Data entries:
*-*-*

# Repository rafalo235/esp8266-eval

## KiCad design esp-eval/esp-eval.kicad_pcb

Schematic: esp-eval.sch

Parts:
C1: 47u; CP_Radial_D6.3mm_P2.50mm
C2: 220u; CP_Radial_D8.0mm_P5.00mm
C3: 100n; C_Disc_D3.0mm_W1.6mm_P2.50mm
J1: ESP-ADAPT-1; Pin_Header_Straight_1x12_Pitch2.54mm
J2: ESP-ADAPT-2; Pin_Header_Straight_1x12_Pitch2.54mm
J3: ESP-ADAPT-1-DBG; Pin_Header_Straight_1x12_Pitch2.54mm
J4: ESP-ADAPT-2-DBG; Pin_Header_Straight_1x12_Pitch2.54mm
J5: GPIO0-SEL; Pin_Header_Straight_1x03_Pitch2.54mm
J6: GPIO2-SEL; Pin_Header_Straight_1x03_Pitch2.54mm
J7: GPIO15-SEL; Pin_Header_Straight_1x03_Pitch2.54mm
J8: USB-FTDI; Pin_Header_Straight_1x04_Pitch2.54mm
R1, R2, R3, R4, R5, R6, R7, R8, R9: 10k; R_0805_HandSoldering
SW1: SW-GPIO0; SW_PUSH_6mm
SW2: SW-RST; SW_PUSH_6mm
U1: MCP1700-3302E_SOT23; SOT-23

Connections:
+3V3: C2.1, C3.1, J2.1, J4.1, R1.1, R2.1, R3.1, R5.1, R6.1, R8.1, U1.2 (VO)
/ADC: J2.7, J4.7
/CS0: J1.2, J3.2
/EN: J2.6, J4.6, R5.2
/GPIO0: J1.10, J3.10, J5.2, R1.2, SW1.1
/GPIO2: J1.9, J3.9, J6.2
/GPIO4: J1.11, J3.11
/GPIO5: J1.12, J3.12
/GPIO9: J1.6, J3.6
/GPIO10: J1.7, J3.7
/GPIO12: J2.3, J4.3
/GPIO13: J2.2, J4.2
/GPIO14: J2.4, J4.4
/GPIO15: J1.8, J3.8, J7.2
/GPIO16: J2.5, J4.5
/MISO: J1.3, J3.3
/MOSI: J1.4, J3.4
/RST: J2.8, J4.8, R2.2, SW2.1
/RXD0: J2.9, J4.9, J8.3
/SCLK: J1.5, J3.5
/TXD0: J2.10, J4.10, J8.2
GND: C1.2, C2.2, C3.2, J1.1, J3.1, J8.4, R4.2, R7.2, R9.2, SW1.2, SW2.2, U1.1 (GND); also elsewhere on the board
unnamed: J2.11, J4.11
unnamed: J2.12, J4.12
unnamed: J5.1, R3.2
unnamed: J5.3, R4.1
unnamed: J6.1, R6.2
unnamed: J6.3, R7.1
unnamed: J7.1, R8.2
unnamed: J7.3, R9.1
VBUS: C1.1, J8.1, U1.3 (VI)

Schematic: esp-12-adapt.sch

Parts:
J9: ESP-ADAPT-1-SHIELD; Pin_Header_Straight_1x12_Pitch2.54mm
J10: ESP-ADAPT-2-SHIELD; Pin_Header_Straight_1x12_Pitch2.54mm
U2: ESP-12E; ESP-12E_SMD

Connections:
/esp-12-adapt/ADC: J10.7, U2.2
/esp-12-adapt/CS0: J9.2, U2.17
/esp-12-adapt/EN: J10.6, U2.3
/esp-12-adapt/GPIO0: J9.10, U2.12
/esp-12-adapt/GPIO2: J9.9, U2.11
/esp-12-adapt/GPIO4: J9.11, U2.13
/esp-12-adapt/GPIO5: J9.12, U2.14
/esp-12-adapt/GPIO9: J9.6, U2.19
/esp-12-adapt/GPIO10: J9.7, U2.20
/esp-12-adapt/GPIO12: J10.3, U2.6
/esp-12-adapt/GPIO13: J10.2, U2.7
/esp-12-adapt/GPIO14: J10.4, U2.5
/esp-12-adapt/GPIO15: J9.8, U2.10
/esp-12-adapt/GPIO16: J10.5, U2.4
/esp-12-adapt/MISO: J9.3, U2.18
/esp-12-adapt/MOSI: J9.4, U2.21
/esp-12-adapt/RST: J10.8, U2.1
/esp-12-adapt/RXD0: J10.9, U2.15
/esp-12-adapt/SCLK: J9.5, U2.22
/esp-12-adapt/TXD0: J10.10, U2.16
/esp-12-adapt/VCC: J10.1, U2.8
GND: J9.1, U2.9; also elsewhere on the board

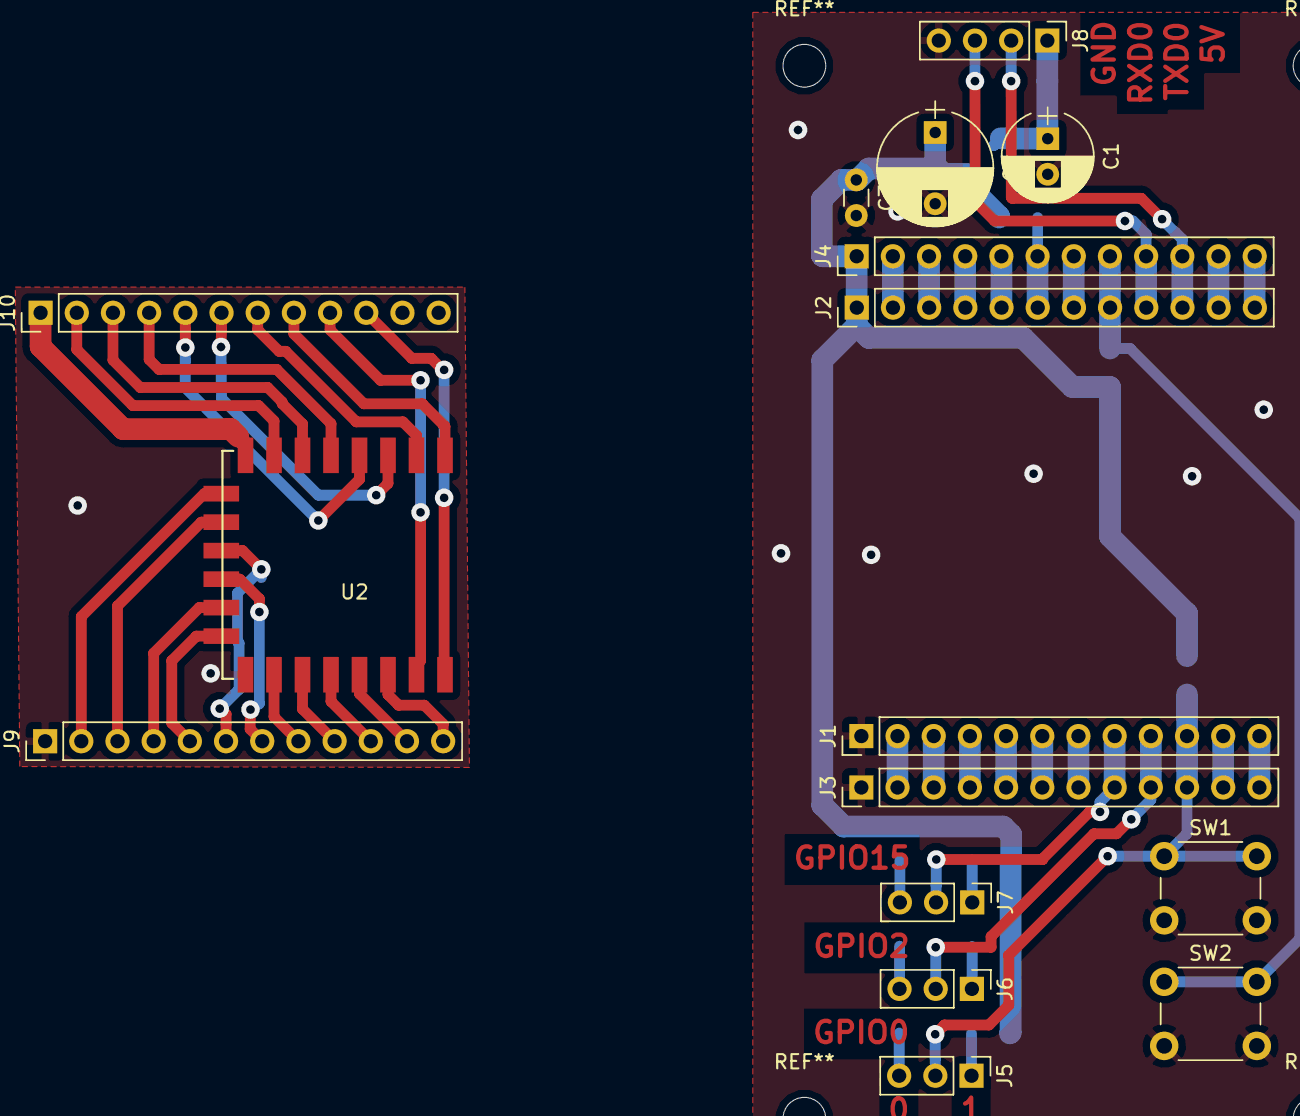
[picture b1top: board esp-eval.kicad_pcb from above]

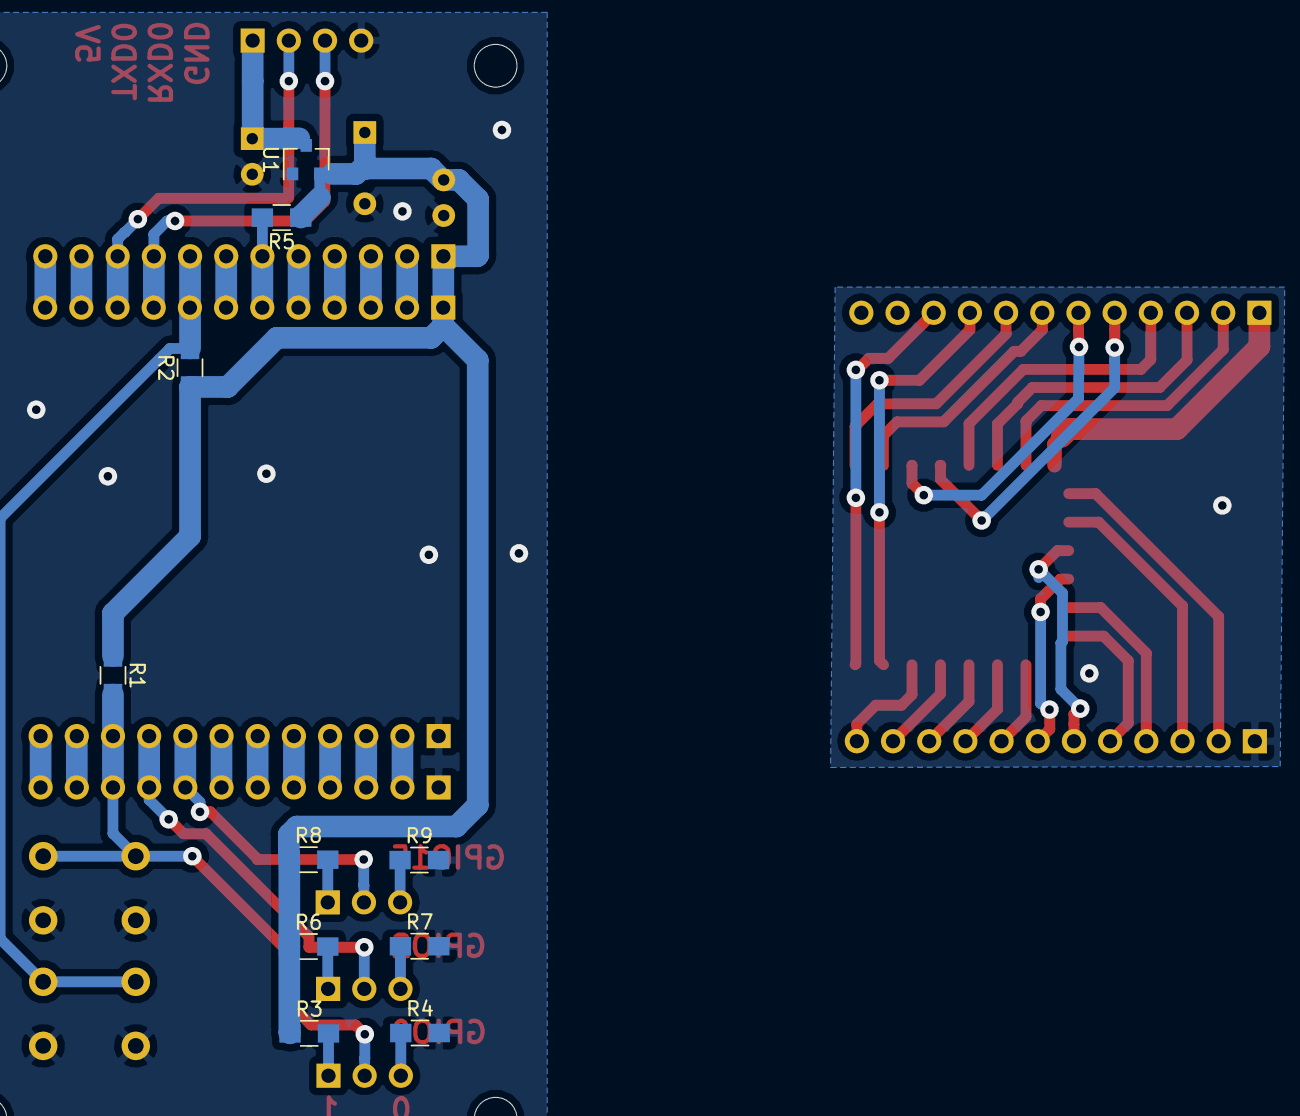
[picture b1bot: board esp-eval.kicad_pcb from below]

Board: 2 copper layers, 26 parts (10 on the bottom side), 52 nets.

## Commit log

2018-10-16 init commit
2018-10-16 pcb rule check
2018-10-16 przelotak gnd na plytce adapt
2018-10-16 dokumentacja
2018-10-16 otwory montazowe
2018-10-16 ulozenie plytek
2018-10-16 nity pcb
2018-10-19 wymiary
2018-10-23 napisy
2021-06-20 fixes;
2021-06-20 license

*-*-*

Directions for this task:
Please state how many lines of the records hold the word "unnamed", and write nothing but that number.

Reply:
8